Assigned task
Search the records below for the string "Inputs", and report each line that contains it.

*** Opening Records provided ***

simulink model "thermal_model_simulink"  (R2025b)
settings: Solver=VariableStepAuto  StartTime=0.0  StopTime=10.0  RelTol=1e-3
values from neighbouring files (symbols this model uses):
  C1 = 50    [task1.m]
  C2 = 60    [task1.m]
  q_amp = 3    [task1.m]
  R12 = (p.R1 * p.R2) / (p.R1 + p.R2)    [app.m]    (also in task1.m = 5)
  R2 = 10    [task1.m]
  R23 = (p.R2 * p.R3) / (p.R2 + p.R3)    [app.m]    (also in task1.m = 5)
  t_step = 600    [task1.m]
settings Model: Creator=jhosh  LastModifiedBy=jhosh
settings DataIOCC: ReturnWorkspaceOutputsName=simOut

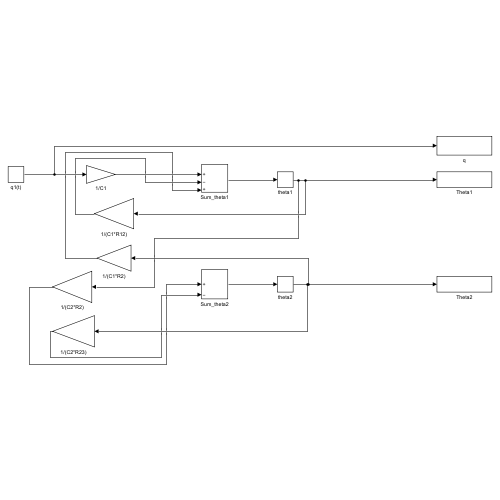
[thumbnail: Simulink's stored preview of the top-level diagram]
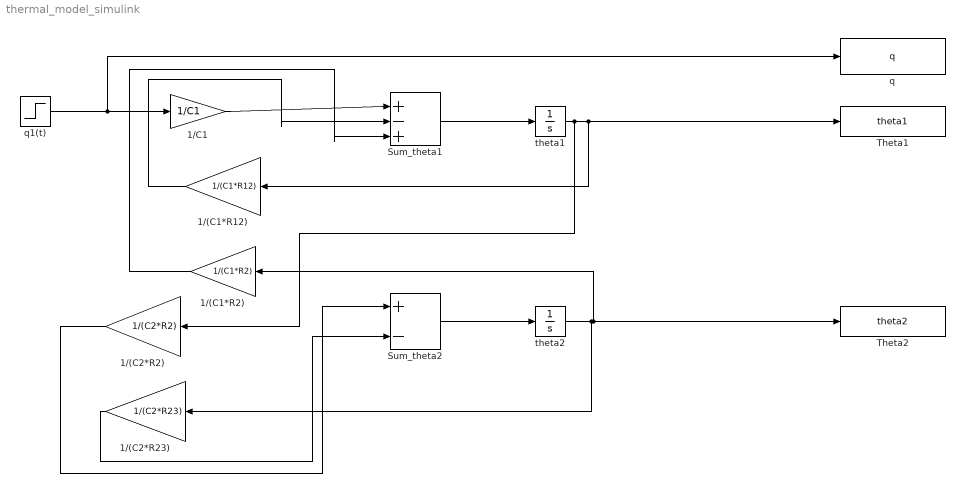
== system thermal_model_simulink ==
  1/(C1*R12) : Gain  Gain=1/(C1*R12)
  1/(C1*R2) : Gain  Gain=1/(C1*R2)
  1/(C2*R2) : Gain  Gain=1/(C2*R2)
  1/(C2*R23) : Gain  Gain=1/(C2*R23)
  1/C1 : Gain  Gain=1/C1
  Sum_theta1 : Sum  Inputs=|+-+
  Sum_theta2 : Sum  Inputs=|+-
  Theta1 : ToWorkspace  VariableName=theta1  SaveFormat=Timeseries  SampleTime=-1
  Theta2 : ToWorkspace  VariableName=theta2  SaveFormat=Timeseries  SampleTime=-1
  q : ToWorkspace  VariableName=q  SaveFormat=Timeseries  SampleTime=-1
  q1(t) : Step  Time=t_step  After=q_amp  SampleTime=0
  theta1 : Integrator
  theta2 : Integrator
  wires:
  q1(t)/1 -> q/1, 1/C1/1
  1/C1/1 -> Sum_theta1/1
  Sum_theta1/1 -> theta1/1
  theta1/1 -> Theta1/1, 1/(C1*R12)/1, 1/(C2*R2)/1
  Sum_theta2/1 -> theta2/1
  theta2/1 -> 1/(C1*R2)/1, Theta2/1, 1/(C2*R23)/1
  1/(C1*R12)/1 -> Sum_theta1/2
  1/(C1*R2)/1 -> Sum_theta1/3
  1/(C2*R23)/1 -> Sum_theta2/2
  1/(C2*R2)/1 -> Sum_theta2/1

*** Closing Records provided ***

Response area
  Sum_theta1 : Sum  Inputs=|+-+
  Sum_theta2 : Sum  Inputs=|+-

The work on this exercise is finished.